Question

How many moles of lead (II) chloride will be formed from a reaction between 6.5g PbO and 3.2g HCl ?
a.)0.011
b.)0.029
c.)0.044
d.)0.333

Answer 1

Hint: The number of moles formed will depend on PbO because it seems to be the limiting reagent in the reaction.
Number of moles = $\dfrac{{{\text{Weight of the substance(given)}}}}{{Molar{\text{ mass of the substance}}}}$

Step by step answer:
We can write the equation as-
$PbO + 2HCl \to PbC{l_2} + {H_2}O$
Thus, it is now clear that 1 mole of PbO will react with 2 moles of HCl to produce 1 mole of $PbC{l_2}$ and 1 mole of water. The PbO is the limiting reagent in the reaction.
The question comes in our mind that what a limiting reagent is now.
Limiting reagent is the reactant which is present in smaller quantities and the quantity of product is determined from it.
The PbO here being the limiting reagent because it is required in smaller quantities.
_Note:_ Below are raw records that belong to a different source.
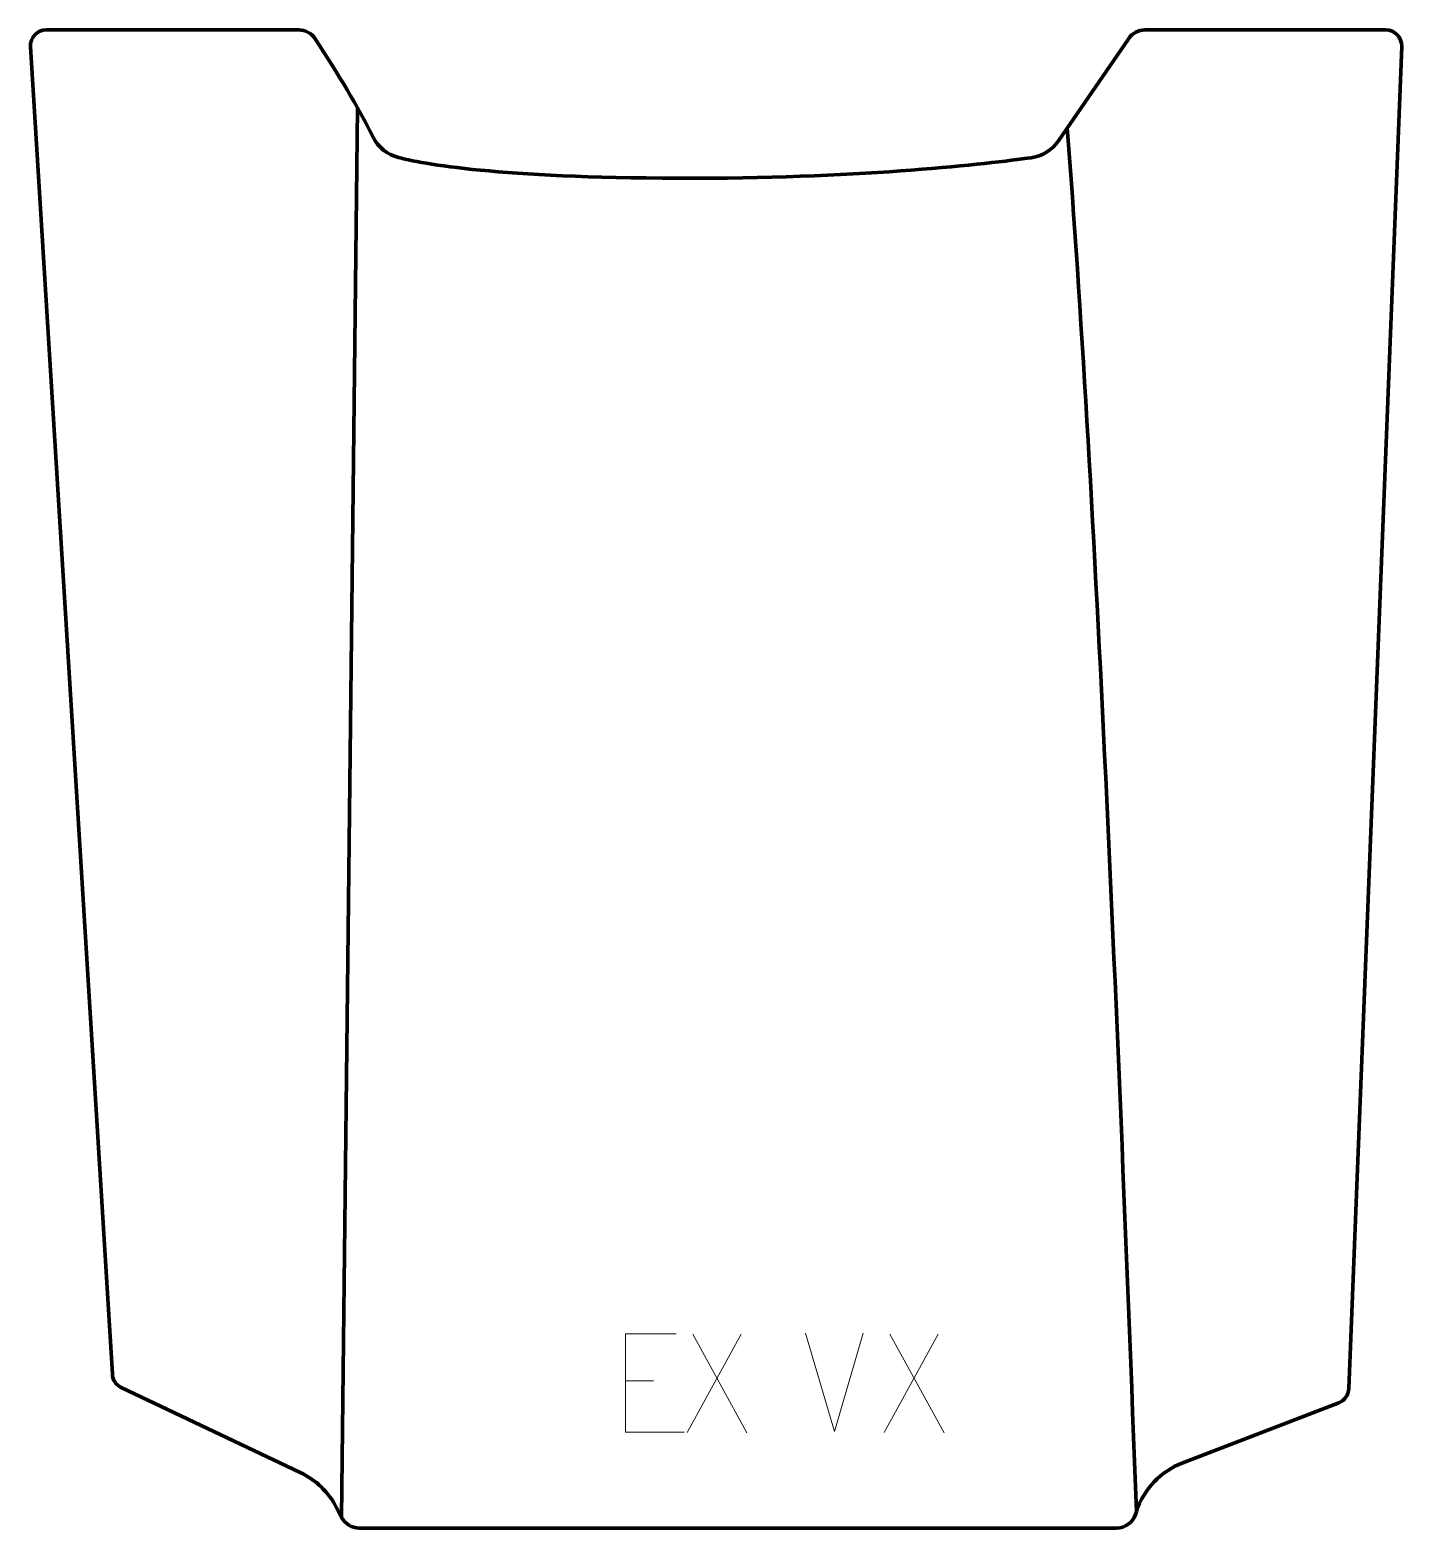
# Model space of a CAD drawing. Header units: millimetres. Extents: x -174 to 174, y -190 to 190.
import ezdxf

# ---------------------------------------------------------------- set-up
doc = ezdxf.new("R2010")
doc.units = ezdxf.units.MM
doc.header["$MEASUREMENT"] = 0
for name, color, linetype in [('layer 1', 7, 'Continuous'), ('layer 2', 7, 'Continuous'), ('layer 3', 7, 'Continuous')]:
    doc.layers.add(name, color=color, linetype=linetype)

msp = doc.modelspace()

# ---------------------------------------------------------------- linework, layer by layer
at = {"layer": 'layer 1', "color": 250, "lineweight": 9}
for points in [[(30.0131, -165.5145), (30.0131, -165.5145), (22.6913, -140.5609), (22.6913, -140.5609)], [(37.335, -140.5609), (37.335, -140.5609), (30.0132, -165.5145), (30.0132, -165.5145)], [(6.361, -140.8582), (6.361, -140.8582), (-7.3796, -165.754), (-7.3796, -165.754)], [(-5.925, -140.8582), (-5.925, -140.8582), (7.8156, -165.8117), (7.8156, -165.8117)], [(56.361, -140.8582), (56.361, -140.8582), (42.6204, -165.754), (42.6204, -165.754)], [(44.075, -140.8582), (44.075, -140.8582), (57.8156, -165.8117), (57.8156, -165.8117)], [(-23.0063, -152.6294), (-23.0063, -152.6294), (-15.8382, -152.6294), (-15.8382, -152.6294)]]:
    msp.add_open_spline(points, degree=3, dxfattribs=at)
msp.add_open_spline([(-10.1324, -140.7497), (-10.1324, -140.7497), (-23.0063, -140.7497), (-23.0063, -140.7497), (-23.0063, -140.7497), (-23.0063, -140.7497), (-23.0063, -165.7033), (-23.0063, -165.7033), (-23.0063, -165.7033), (-23.0063, -165.7033), (-8.1405, -165.7033), (-8.1405, -165.7033)], degree=3, knots=[0, 0, 0, 0, 0.25, 0.25, 0.25, 0.25, 0.5, 0.5, 0.5, 0.5, 1, 1, 1, 1], dxfattribs=at)
at = {"layer": 'layer 2', "color": 230, "lineweight": 200}
msp.add_open_spline([(-94.9836, -187.3127), (-94.9836, -187.3127), (-96.3401, -184.7128), (-96.3401, -184.7128), (-96.3401, -184.7128), (-98.3533, -180.8537), (-101.5706, -177.7571), (-105.5034, -175.8926), (-105.5034, -175.8926), (-105.5034, -175.8926), (-150.878, -154.3795), (-150.878, -154.3795), (-150.878, -154.3795), (-152.1946, -153.7551), (-153.0673, -152.465), (-153.1569, -151.0112), (-153.1569, -151.0112), (-153.1569, -151.0112), (-173.9109, 185.7539), (-173.9109, 185.7539), (-173.9109, 185.7539), (-174.053, 188.0554), (-172.2246, 189.9999), (-169.9185, 189.9999), (-169.9185, 189.9999), (-169.9185, 189.9999), (-105.8791, 189.9999), (-105.8791, 189.9999), (-105.8791, 189.9999), (-104.1896, 189.9999), (-102.6134, 189.1451), (-101.6895, 187.7305), (-101.6895, 187.7305), (-95.9097, 178.8825), (-90.8463, 170.4744), (-87.0126, 162.8226), (-87.0126, 162.8226), (-85.7239, 160.2502), (-83.3758, 158.3688), (-80.5885, 157.6558), (-80.5885, 157.6558), (-72.6034, 155.6136), (-52.3811, 152.3155), (-5.1752, 152.3906), (-5.1752, 152.3906), (38.1149, 152.4594), (68.9664, 156.0895), (79.9572, 157.6015), (79.9572, 157.6015), (82.7476, 157.9853), (85.2478, 159.5249), (86.8431, 161.8461), (86.8431, 161.8461), (86.8431, 161.8461), (104.6971, 187.8314), (104.6971, 187.8314), (104.6971, 187.8314), (105.6299, 189.1889), (107.1715, 189.9999), (108.8183, 189.9999), (108.8183, 189.9999), (108.8183, 189.9999), (169.9187, 189.9999), (169.9187, 189.9999), (169.9187, 189.9999), (172.1892, 189.9999), (174.0049, 188.1115), (173.9157, 185.8424), (173.9157, 185.8424), (173.9157, 185.8424), (160.5066, -154.6441), (160.5066, -154.6441), (160.5066, -154.6441), (160.4438, -156.2408), (159.437, -157.6466), (157.9458, -158.2202), (157.9458, -158.2202), (157.9458, -158.2202), (118.4156, -173.4242), (118.4156, -173.4242), (118.4156, -173.4242), (112.8375, -175.5695), (108.511, -180.097), (106.6216, -185.7665), (106.6216, -185.7665), (106.6216, -185.7665), (106.3499, -186.5814), (106.3499, -186.5814), (106.3499, -186.5814), (105.6694, -188.623), (103.7587, -189.9999), (101.6065, -189.9999), (101.6065, -189.9999), (101.6065, -189.9999), (-90.5506, -189.9999), (-90.5506, -189.9999), (-90.5506, -189.9999), (-92.4133, -189.9999), (-94.1218, -188.9645), (-94.9836, -187.3127)], degree=3, knots=[0, 0, 0, 0, 0.03846154, 0.03846154, 0.03846154, 0.03846154, 0.07692308, 0.07692308, 0.07692308, 0.07692308, 0.11538462, 0.11538462, 0.11538462, 0.11538462, 0.15384615, 0.15384615, 0.15384615, 0.15384615, 0.19230769, 0.19230769, 0.19230769, 0.19230769, 0.23076923, 0.23076923, 0.23076923, 0.23076923, 0.26923077, 0.26923077, 0.26923077, 0.26923077, 0.30769231, 0.30769231, 0.30769231, 0.30769231, 0.34615385, 0.34615385, 0.34615385, 0.34615385, 0.38461538, 0.38461538, 0.38461538, 0.38461538, 0.42307692, 0.42307692, 0.42307692, 0.42307692, 0.46153846, 0.46153846, 0.46153846, 0.46153846, 0.5, 0.5, 0.5, 0.5, 0.53846154, 0.53846154, 0.53846154, 0.53846154, 0.57692308, 0.57692308, 0.57692308, 0.57692308, 0.61538462, 0.61538462, 0.61538462, 0.61538462, 0.65384615, 0.65384615, 0.65384615, 0.65384615, 0.69230769, 0.69230769, 0.69230769, 0.69230769, 0.73076923, 0.73076923, 0.73076923, 0.73076923, 0.76923077, 0.76923077, 0.76923077, 0.76923077, 0.80769231, 0.80769231, 0.80769231, 0.80769231, 0.84615385, 0.84615385, 0.84615385, 0.84615385, 0.88461538, 0.88461538, 0.88461538, 0.88461538, 0.92307692, 0.92307692, 0.92307692, 0.92307692, 1, 1, 1, 1], dxfattribs=at)
at = {"layer": 'layer 3', "color": 142, "lineweight": 200}
for points in [[(-90.9286, 170.1673), (-90.9286, 170.1673), (-94.9838, -187.3129), (-94.9838, -187.3129)], [(89.0933, 165.1213), (96.0644, 74.2793), (101.5333, -51.3393), (106.6217, -185.7666)]]:
    msp.add_open_spline(points, degree=3, dxfattribs=at)

doc.saveas('drawing.dxf')

So, the formation of $PbC{l_2}$ will be dependent on the moles of PbO.
From the question, we have reactant amount as-
Weight of PbO= 6.5g
Weight of HCl= 3.2g
Molar mass of PbO = 223g
Molar mass of HCl = 36.5g
Molar mass of $PbC{l_2}$ = 278g
We can say that 223g of PbO produces 278g of $PbC{l_2}$.
So, 6.5g of PbO will produce = $\dfrac{{278}}{{223}} \times 6.5 = 8.103g$
In terms of the number of moles, we can calculate as-
Number of moles of $PbC{l_2}$ = $\dfrac{{Weight{\text{ of PbC}}{{\text{l}}_2}}}{{Molar{\text{ mass of PbC}}{{\text{l}}_2}}}$
Number of moles of $PbC{l_2}$ = $\dfrac{{8.103g}}{{278g}} = 0.029$

So, option b.) is the correct answer.

Note:
We can find a number of moles of PbO and HCl.
We know, Number of moles of PbO = $\dfrac{{Weight{\text{ of PbO given}}}}{{Molar{\text{ mass of PbO}}}}$
Number of moles of PbO = $\dfrac{{6.5g}}{{223g}} = 0.0291$
Number of moles of HCl = $\dfrac{{Weight{\text{ of HCl}}}}{{Molar{\text{ mass of HCl}}}}$
Number of moles of HCl = $\dfrac{{3.2g}}{{36.5g}} = 0.087$
From the equation, we have seen that 1 mole of PbO produces 1 mole of $PbC{l_2}$ . So, in simple words, we can directly say that 0.029 moles of PbO will produce 0.029 moles of $PbC{l_2}$.